And, guess what? You’re not going to believe this. They have 9 cash desks and, when needed, 9 cashiers. And what might be the reason for all this?

Well, gee, it’s probably to ensure that customers don’t have to wait in line to exit the store.

They love me!!! They’re happy that I shop here. And… they respect my time!!!

The life-time value of a customer is what counts and this little store has got me for life…or as long as I live in this city.

Remember, it’s not that first sale. It’s all the repeat purchases that build a successful business model.

Good business savvy demands over-the-top excellent customer service… all the way down the line.

It costs you a lot of money to acquire a new customer.

Have you ever tried to figure out just how much it costs, to acquire one new customer, in advertising and other promotional costs? Probably you haven’t.

And you probably haven’t tried to figure out how much of your profit comes from your loyal customers.

Well, at least you should understand that your loyal, repeat customers are giving you most of your profit. Think about it.

Without the loyal customer, who would pay for the marketing and advertising to get the new customer??

I probably won’t shop at Sluggish Giant again. They have what I need but I don’t like to shop there — I don’t FEEL good when I shop there.

They don’t like me or respect my time. Even if I do shop there again, I could never be considered one of their loyal customers.

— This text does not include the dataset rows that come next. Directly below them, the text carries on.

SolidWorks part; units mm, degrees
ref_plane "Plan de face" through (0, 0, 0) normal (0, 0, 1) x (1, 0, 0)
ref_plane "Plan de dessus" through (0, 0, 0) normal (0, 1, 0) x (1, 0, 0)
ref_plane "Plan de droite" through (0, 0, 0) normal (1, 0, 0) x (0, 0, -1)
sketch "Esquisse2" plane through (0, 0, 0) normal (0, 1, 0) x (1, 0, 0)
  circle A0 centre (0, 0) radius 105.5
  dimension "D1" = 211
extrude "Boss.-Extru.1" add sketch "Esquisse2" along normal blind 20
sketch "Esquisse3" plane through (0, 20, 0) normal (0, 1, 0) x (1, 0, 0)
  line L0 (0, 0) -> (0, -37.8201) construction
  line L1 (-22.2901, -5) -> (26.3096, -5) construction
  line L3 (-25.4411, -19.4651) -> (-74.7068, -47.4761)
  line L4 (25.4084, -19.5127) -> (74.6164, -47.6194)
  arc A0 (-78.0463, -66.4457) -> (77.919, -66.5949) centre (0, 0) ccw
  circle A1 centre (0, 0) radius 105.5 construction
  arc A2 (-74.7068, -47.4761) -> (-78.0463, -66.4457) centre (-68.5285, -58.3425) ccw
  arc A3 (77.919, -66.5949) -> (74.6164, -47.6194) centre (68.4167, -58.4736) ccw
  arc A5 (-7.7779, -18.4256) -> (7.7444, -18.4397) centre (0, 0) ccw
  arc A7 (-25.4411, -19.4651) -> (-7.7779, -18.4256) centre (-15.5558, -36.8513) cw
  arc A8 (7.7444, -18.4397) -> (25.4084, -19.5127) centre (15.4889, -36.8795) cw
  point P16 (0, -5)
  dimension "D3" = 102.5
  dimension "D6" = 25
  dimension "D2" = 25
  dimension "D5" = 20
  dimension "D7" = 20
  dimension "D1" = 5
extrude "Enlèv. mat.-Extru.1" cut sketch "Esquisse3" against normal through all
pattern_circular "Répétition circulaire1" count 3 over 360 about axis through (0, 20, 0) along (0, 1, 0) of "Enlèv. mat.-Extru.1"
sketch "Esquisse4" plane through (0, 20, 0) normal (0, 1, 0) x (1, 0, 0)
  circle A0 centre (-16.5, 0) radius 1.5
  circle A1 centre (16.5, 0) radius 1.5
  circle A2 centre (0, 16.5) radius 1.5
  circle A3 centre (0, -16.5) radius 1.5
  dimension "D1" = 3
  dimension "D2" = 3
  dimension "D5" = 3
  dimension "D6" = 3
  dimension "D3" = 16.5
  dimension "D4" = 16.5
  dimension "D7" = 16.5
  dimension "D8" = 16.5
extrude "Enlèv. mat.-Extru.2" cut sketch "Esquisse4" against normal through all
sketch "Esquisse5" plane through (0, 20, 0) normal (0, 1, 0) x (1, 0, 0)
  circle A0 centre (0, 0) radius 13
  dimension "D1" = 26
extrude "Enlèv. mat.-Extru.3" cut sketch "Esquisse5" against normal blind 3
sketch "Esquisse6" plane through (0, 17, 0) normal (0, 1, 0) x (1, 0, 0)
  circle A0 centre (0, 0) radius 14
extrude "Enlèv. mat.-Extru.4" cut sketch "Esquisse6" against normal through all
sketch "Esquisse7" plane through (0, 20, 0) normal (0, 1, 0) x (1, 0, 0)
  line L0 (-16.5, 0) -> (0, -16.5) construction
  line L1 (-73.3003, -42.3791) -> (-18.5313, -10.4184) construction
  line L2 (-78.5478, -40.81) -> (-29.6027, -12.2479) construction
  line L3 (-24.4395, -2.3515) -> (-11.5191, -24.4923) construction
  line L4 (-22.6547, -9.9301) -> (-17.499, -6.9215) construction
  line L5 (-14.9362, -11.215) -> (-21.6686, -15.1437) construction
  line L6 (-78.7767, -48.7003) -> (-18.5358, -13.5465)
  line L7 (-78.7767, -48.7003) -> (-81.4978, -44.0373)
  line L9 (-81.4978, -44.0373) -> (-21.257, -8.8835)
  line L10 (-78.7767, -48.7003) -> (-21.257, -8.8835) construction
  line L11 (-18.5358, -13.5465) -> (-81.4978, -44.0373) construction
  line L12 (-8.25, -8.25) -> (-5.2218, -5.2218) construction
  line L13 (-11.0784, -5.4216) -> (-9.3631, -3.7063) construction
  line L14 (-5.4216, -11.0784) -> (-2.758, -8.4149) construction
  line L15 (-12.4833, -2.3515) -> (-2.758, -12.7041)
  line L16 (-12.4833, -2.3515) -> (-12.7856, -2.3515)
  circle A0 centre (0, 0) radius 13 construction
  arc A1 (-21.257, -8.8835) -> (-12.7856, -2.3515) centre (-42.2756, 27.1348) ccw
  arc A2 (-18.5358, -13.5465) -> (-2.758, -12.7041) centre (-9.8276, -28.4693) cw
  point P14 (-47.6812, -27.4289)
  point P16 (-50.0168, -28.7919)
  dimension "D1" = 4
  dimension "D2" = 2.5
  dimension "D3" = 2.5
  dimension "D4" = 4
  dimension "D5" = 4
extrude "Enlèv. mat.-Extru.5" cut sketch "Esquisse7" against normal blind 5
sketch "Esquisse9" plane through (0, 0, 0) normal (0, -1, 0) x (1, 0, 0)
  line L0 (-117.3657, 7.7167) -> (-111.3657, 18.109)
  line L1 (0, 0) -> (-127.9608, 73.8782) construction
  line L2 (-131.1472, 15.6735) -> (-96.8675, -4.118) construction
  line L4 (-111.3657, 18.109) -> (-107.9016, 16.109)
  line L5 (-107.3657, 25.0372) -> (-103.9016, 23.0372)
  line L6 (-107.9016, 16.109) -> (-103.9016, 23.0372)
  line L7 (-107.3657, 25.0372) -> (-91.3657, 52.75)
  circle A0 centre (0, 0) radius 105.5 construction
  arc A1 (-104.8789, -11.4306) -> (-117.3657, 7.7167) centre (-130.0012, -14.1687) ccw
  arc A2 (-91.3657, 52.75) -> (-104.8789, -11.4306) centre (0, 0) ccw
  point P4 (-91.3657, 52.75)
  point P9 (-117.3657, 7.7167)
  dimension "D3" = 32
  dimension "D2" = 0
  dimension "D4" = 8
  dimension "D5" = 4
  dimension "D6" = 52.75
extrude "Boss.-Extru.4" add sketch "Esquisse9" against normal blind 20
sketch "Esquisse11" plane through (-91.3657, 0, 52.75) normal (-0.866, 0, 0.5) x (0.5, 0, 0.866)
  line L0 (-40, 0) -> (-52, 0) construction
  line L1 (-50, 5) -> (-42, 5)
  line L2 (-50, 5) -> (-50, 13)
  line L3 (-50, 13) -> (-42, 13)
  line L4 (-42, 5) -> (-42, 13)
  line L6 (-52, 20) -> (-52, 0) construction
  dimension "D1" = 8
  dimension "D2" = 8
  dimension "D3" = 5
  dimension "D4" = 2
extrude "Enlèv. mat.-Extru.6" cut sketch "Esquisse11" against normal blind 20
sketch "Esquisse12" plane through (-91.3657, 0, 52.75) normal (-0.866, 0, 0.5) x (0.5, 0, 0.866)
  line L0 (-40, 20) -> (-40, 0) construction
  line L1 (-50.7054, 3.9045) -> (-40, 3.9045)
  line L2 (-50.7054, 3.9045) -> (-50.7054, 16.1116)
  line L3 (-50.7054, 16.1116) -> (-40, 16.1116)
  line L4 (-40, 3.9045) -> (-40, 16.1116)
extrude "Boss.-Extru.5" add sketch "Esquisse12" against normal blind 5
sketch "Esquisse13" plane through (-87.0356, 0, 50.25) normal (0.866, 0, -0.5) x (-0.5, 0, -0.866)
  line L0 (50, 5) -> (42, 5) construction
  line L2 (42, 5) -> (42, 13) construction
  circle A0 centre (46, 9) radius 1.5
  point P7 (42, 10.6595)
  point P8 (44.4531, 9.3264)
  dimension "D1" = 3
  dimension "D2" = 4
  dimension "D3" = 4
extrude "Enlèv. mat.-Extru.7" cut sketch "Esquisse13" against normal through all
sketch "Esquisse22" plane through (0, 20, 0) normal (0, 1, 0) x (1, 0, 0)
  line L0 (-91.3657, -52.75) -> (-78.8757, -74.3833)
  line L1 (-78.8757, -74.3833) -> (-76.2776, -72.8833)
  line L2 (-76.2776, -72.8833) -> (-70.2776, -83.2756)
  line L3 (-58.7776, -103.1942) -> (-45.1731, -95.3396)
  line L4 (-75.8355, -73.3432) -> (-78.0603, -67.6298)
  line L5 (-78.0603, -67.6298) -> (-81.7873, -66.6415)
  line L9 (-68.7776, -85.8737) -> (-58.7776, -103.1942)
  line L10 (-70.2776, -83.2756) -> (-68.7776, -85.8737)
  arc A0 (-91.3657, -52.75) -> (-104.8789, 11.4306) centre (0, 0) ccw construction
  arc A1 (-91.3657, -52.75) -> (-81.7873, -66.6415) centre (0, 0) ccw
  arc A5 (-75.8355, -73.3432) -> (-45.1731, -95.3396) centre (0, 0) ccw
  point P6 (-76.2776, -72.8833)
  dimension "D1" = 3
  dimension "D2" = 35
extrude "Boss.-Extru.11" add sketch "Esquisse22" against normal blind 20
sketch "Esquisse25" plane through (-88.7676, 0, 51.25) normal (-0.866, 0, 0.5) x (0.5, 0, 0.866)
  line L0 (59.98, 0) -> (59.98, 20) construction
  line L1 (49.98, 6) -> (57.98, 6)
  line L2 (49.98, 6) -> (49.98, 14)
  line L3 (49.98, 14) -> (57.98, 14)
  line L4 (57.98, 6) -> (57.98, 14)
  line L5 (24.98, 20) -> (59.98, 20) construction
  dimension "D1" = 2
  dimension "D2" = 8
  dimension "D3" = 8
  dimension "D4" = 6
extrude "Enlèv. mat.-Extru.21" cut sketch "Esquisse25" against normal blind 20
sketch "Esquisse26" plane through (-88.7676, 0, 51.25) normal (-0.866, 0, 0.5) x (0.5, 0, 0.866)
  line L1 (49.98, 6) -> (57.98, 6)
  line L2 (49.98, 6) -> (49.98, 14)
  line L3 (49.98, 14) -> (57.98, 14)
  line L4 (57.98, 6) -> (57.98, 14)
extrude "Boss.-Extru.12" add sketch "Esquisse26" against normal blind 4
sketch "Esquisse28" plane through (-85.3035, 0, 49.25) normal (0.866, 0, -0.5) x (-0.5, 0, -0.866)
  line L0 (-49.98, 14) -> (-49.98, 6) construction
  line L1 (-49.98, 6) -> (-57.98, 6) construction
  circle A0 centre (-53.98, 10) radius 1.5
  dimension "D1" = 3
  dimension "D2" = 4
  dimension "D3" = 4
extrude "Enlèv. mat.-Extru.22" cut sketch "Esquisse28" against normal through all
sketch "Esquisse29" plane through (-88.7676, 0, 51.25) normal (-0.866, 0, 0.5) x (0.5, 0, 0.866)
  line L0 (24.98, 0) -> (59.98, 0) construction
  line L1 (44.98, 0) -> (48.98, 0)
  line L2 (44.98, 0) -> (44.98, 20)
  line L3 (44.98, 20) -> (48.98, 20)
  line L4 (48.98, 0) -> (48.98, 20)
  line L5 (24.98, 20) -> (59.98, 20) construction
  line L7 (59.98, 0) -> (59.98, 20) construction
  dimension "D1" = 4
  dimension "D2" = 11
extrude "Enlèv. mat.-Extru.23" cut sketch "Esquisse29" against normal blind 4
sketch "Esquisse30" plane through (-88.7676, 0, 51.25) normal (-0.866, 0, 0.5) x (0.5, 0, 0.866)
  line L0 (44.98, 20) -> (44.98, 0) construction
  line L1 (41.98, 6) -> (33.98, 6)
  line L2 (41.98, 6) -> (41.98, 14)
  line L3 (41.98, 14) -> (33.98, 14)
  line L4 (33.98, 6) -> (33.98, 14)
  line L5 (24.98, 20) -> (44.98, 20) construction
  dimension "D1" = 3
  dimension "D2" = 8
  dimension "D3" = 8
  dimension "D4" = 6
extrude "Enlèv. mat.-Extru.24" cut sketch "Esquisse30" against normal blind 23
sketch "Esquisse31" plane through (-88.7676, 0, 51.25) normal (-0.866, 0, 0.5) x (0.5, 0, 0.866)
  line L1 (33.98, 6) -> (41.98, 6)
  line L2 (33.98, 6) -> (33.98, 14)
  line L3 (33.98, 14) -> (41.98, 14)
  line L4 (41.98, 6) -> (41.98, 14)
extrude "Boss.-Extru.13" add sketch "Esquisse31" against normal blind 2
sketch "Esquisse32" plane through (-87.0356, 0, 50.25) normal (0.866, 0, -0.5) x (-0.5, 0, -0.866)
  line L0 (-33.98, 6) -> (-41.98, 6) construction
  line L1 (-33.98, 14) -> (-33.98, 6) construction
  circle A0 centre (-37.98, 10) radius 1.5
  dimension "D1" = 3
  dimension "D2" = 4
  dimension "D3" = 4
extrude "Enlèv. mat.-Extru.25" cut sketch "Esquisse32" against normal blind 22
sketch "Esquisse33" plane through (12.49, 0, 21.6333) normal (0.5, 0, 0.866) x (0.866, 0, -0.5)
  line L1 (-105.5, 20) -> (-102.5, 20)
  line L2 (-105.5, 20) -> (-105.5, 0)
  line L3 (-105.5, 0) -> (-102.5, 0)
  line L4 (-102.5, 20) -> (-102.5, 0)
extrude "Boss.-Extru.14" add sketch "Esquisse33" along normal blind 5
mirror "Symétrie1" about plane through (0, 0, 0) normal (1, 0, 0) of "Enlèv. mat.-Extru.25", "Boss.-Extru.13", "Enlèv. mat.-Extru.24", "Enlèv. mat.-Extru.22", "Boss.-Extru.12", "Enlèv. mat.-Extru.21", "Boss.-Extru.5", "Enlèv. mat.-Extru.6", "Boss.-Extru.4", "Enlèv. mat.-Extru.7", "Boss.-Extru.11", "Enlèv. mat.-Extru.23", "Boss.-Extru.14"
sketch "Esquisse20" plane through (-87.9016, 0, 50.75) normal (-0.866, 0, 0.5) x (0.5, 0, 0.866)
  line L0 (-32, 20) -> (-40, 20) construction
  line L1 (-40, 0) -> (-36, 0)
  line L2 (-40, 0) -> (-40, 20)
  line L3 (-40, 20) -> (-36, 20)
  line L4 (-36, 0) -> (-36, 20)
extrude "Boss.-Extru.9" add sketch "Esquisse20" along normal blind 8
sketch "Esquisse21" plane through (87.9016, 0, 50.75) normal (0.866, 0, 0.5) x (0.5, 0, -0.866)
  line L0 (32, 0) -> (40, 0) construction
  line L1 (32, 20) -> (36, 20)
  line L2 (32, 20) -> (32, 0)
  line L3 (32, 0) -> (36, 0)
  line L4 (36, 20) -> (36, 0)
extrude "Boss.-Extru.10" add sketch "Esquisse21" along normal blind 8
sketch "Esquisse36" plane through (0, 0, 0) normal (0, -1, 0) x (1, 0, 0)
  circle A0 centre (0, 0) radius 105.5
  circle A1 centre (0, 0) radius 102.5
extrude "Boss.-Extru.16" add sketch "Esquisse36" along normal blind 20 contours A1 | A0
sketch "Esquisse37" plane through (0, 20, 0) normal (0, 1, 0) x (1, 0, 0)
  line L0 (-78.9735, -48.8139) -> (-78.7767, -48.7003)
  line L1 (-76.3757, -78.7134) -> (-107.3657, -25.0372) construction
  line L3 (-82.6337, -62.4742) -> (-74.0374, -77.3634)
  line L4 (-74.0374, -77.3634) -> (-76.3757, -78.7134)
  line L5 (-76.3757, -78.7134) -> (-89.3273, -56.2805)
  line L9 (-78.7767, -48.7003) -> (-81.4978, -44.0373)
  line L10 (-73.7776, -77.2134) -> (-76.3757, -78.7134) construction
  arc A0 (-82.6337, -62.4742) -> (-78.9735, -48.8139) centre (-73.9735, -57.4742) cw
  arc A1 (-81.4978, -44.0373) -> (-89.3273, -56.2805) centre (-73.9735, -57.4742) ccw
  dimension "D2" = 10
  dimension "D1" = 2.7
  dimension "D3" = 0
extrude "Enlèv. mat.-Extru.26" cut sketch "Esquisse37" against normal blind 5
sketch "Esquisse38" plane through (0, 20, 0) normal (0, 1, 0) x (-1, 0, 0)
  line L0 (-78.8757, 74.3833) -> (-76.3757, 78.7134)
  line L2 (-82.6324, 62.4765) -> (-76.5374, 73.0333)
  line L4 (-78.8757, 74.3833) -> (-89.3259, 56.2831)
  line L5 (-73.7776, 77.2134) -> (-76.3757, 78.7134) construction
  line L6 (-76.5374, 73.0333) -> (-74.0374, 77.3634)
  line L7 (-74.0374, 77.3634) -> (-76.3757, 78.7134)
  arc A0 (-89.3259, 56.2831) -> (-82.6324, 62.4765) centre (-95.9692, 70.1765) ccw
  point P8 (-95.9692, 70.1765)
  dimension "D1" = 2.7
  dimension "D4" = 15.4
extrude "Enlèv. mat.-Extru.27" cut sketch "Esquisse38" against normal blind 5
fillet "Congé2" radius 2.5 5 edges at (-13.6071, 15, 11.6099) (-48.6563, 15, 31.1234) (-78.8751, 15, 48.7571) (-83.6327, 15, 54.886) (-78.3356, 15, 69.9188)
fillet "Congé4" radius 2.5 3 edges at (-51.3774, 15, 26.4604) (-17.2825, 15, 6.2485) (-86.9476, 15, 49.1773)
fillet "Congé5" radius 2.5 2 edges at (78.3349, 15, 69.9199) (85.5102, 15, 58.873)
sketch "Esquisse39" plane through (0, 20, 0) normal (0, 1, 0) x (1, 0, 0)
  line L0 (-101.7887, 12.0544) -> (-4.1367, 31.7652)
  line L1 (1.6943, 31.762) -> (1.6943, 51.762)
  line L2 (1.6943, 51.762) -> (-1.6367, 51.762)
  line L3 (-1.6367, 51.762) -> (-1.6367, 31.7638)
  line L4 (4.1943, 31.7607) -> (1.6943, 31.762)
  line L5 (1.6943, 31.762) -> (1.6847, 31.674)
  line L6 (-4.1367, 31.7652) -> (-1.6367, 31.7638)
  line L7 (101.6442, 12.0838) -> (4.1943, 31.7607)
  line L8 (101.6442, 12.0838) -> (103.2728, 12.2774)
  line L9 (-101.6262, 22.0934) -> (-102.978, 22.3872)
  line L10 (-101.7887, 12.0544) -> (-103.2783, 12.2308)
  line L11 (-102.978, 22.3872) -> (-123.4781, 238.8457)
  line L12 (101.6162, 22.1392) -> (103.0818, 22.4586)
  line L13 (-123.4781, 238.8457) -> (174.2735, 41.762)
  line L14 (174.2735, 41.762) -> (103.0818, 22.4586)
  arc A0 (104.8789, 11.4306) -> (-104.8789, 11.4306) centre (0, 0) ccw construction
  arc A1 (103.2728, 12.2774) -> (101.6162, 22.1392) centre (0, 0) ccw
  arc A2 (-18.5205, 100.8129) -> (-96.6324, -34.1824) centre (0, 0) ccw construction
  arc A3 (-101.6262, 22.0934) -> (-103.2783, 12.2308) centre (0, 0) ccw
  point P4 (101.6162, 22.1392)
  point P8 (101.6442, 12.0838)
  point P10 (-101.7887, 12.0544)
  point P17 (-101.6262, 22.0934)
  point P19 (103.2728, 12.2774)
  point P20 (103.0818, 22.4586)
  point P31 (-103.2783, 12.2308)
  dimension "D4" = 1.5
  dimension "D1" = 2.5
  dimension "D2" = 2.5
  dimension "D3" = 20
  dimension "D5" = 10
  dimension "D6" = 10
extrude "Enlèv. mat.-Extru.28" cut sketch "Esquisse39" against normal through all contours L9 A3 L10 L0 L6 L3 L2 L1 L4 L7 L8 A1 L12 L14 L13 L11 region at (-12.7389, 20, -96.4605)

So it’s worth noting that even a great product, at a great price…can be nullified by rotten customer service.

And it’s also worth noting that another place — like the Amazing Little Store — can leave you with great feelings about the experience, making you want to go back again and again even if you have to stop elsewhere to pick up the other things you need.

Convenience is not top of the list, but that’s ok.

So the perfect mix is: Great product, great value for the money…
… and great customer service.

It’s not brain surgery.

Apart from providing great service up front, if your customer has a problem, they better get personal service fast.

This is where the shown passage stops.